→ Source records

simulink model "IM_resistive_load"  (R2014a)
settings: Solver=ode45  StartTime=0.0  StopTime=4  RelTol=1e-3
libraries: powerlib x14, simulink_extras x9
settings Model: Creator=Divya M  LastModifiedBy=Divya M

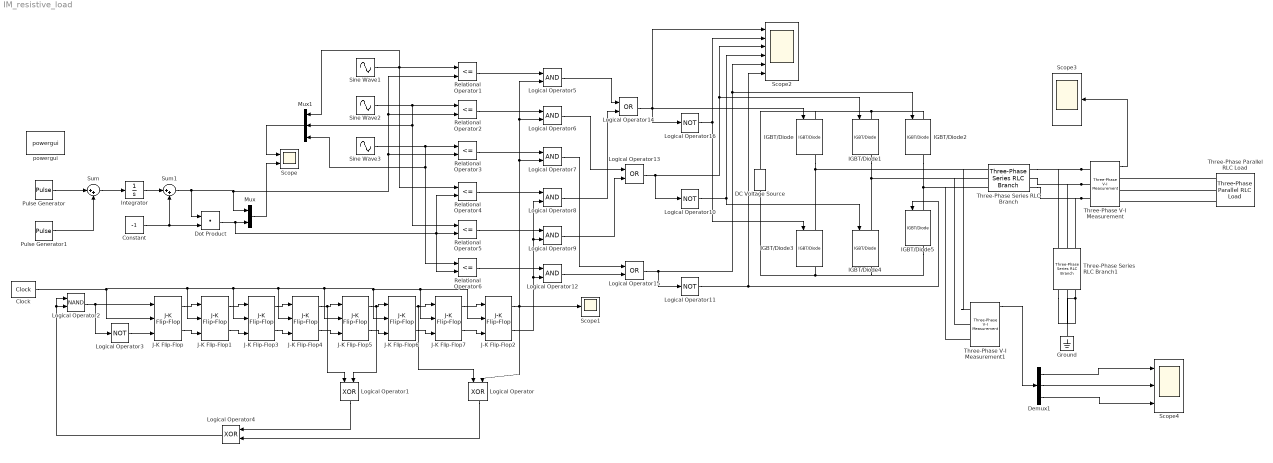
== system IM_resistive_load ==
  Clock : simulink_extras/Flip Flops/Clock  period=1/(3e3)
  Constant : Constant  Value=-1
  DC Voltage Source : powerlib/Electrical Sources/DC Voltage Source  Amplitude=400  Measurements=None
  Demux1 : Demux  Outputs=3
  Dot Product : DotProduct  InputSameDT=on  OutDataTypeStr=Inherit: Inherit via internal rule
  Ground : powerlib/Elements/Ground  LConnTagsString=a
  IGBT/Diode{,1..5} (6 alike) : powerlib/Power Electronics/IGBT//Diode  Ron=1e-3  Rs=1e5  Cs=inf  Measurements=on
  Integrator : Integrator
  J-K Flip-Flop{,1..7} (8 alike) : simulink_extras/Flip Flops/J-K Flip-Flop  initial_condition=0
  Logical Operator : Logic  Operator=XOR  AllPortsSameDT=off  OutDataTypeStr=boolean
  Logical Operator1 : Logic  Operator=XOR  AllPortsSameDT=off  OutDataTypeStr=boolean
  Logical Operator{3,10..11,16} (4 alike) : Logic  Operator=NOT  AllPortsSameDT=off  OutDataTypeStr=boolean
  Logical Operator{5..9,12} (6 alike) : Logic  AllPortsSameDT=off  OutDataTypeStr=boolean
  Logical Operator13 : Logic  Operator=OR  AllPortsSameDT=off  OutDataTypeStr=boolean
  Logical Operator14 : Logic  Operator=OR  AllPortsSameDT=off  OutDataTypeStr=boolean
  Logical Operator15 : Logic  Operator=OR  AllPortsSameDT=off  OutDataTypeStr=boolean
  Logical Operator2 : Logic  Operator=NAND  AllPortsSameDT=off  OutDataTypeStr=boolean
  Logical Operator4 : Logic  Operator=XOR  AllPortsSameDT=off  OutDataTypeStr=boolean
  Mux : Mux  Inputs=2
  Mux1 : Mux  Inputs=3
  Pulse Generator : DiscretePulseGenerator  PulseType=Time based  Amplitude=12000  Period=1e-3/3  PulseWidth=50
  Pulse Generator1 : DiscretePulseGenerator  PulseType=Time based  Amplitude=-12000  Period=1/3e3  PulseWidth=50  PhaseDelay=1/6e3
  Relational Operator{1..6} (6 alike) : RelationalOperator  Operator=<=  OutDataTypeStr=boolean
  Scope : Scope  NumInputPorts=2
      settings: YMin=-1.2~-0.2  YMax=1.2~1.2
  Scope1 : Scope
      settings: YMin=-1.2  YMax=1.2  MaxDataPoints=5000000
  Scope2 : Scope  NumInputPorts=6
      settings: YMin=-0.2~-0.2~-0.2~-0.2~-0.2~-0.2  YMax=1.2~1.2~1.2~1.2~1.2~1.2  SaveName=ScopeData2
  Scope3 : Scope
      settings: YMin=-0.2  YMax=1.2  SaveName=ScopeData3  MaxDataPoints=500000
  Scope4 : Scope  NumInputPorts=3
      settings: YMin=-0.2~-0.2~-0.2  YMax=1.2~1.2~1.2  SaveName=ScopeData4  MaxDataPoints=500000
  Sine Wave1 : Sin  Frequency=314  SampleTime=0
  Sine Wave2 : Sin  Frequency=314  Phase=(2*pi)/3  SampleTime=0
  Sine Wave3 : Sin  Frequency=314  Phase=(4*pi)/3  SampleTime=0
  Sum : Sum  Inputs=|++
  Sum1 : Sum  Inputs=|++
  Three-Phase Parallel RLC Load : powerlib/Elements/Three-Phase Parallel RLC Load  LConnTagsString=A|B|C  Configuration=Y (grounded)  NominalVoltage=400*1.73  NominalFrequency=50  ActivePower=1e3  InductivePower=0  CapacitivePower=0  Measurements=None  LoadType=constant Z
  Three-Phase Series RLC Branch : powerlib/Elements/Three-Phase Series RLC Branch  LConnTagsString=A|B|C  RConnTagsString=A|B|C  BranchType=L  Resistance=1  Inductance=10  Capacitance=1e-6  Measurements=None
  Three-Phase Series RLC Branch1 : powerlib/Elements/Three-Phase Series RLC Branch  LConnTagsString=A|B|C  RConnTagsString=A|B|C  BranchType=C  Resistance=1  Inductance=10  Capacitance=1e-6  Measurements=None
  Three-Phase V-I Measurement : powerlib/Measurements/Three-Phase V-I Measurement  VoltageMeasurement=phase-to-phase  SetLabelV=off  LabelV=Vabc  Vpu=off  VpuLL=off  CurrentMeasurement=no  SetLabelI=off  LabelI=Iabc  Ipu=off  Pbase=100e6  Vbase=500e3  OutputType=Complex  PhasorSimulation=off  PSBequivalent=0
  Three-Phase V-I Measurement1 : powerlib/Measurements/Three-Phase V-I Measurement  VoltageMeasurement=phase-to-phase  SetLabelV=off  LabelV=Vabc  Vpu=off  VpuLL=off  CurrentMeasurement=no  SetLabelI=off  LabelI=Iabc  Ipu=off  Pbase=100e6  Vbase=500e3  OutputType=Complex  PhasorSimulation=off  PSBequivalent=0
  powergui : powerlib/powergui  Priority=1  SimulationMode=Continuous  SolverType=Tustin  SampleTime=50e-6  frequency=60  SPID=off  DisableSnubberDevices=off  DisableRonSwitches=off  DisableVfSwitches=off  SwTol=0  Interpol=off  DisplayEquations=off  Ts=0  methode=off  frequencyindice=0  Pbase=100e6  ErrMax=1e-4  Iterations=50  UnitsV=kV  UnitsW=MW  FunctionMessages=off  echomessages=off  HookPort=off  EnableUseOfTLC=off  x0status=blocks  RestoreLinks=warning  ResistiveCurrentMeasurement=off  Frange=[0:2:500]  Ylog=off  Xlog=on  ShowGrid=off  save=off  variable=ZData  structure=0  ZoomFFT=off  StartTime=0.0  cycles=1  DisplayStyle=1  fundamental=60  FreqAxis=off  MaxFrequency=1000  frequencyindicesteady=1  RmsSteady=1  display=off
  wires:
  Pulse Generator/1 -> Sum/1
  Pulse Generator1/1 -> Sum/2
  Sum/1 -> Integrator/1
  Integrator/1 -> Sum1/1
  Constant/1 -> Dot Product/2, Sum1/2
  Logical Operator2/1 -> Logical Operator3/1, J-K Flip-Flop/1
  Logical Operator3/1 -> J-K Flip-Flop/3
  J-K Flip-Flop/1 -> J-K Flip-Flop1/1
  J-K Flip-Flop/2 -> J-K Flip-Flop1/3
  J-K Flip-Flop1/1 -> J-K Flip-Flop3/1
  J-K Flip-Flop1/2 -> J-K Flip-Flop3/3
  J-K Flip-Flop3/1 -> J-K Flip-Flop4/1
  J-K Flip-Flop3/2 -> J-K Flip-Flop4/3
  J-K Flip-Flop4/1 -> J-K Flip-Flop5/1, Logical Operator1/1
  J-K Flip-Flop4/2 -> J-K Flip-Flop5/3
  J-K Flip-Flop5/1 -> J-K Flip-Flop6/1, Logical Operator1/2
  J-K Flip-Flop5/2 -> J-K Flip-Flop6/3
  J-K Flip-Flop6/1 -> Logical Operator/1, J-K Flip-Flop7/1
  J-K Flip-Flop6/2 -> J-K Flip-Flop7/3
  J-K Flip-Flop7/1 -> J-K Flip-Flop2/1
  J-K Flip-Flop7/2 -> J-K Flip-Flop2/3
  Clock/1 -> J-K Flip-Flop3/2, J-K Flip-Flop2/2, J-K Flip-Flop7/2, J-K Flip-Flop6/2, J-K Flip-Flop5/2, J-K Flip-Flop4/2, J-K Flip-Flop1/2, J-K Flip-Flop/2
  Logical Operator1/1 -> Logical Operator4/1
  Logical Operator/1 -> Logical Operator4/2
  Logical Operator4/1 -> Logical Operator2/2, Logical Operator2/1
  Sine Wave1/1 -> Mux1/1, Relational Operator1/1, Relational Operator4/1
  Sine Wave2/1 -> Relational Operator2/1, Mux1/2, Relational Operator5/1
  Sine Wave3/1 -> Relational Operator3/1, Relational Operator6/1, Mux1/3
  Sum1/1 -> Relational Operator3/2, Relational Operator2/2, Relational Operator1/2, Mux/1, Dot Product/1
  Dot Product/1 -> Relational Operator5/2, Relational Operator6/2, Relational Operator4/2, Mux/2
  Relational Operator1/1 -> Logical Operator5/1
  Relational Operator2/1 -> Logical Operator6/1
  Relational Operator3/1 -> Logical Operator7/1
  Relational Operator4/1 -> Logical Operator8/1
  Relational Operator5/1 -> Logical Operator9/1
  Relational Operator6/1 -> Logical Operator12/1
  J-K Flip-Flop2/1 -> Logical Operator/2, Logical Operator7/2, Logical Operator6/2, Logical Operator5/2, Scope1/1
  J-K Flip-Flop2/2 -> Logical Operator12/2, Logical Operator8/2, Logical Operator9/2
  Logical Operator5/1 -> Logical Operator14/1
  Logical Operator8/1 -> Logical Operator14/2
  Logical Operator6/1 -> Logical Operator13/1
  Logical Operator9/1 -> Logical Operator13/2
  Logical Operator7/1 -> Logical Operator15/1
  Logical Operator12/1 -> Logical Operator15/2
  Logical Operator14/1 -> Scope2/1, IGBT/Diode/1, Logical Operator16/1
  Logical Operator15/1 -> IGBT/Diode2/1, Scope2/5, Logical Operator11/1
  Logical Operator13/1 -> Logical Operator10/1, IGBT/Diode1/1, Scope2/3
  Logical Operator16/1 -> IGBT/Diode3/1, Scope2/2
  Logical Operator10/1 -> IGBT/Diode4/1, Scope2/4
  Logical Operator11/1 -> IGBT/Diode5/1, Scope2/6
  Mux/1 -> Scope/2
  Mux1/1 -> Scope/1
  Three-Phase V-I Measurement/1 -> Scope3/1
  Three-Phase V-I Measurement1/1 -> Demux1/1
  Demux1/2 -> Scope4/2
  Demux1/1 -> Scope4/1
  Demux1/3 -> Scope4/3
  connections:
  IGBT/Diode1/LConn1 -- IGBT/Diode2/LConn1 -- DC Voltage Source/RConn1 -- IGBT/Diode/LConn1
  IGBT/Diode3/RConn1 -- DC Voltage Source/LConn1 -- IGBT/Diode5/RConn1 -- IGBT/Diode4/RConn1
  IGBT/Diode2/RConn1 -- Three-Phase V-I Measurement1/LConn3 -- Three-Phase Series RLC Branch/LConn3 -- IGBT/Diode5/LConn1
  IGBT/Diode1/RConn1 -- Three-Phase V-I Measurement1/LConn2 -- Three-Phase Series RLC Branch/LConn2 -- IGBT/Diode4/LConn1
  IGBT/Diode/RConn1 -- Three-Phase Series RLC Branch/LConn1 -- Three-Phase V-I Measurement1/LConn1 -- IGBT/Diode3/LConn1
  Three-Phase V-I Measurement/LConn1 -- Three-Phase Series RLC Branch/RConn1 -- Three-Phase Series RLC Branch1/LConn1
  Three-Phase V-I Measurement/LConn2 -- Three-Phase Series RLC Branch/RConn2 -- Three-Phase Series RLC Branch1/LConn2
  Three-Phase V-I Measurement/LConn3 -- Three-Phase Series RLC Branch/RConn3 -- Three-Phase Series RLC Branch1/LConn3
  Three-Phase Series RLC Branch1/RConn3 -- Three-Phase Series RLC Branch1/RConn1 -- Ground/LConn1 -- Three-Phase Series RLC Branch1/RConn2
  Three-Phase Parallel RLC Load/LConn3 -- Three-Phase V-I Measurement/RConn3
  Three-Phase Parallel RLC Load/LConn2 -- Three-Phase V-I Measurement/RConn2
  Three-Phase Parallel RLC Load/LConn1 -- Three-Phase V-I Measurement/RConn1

→ Try it
With the line holding "Relational Operator5/1 ->" as the first and the line holding "Logical Operator5/1 -> Logical Operator14/1" as the last, set down that range of the entries above exactly, and nothing else.

→ Answer to the problem
  Relational Operator5/1 -> Logical Operator9/1
  Relational Operator6/1 -> Logical Operator12/1
  J-K Flip-Flop2/1 -> Logical Operator/2, Logical Operator7/2, Logical Operator6/2, Logical Operator5/2, Scope1/1
  J-K Flip-Flop2/2 -> Logical Operator12/2, Logical Operator8/2, Logical Operator9/2
  Logical Operator5/1 -> Logical Operator14/1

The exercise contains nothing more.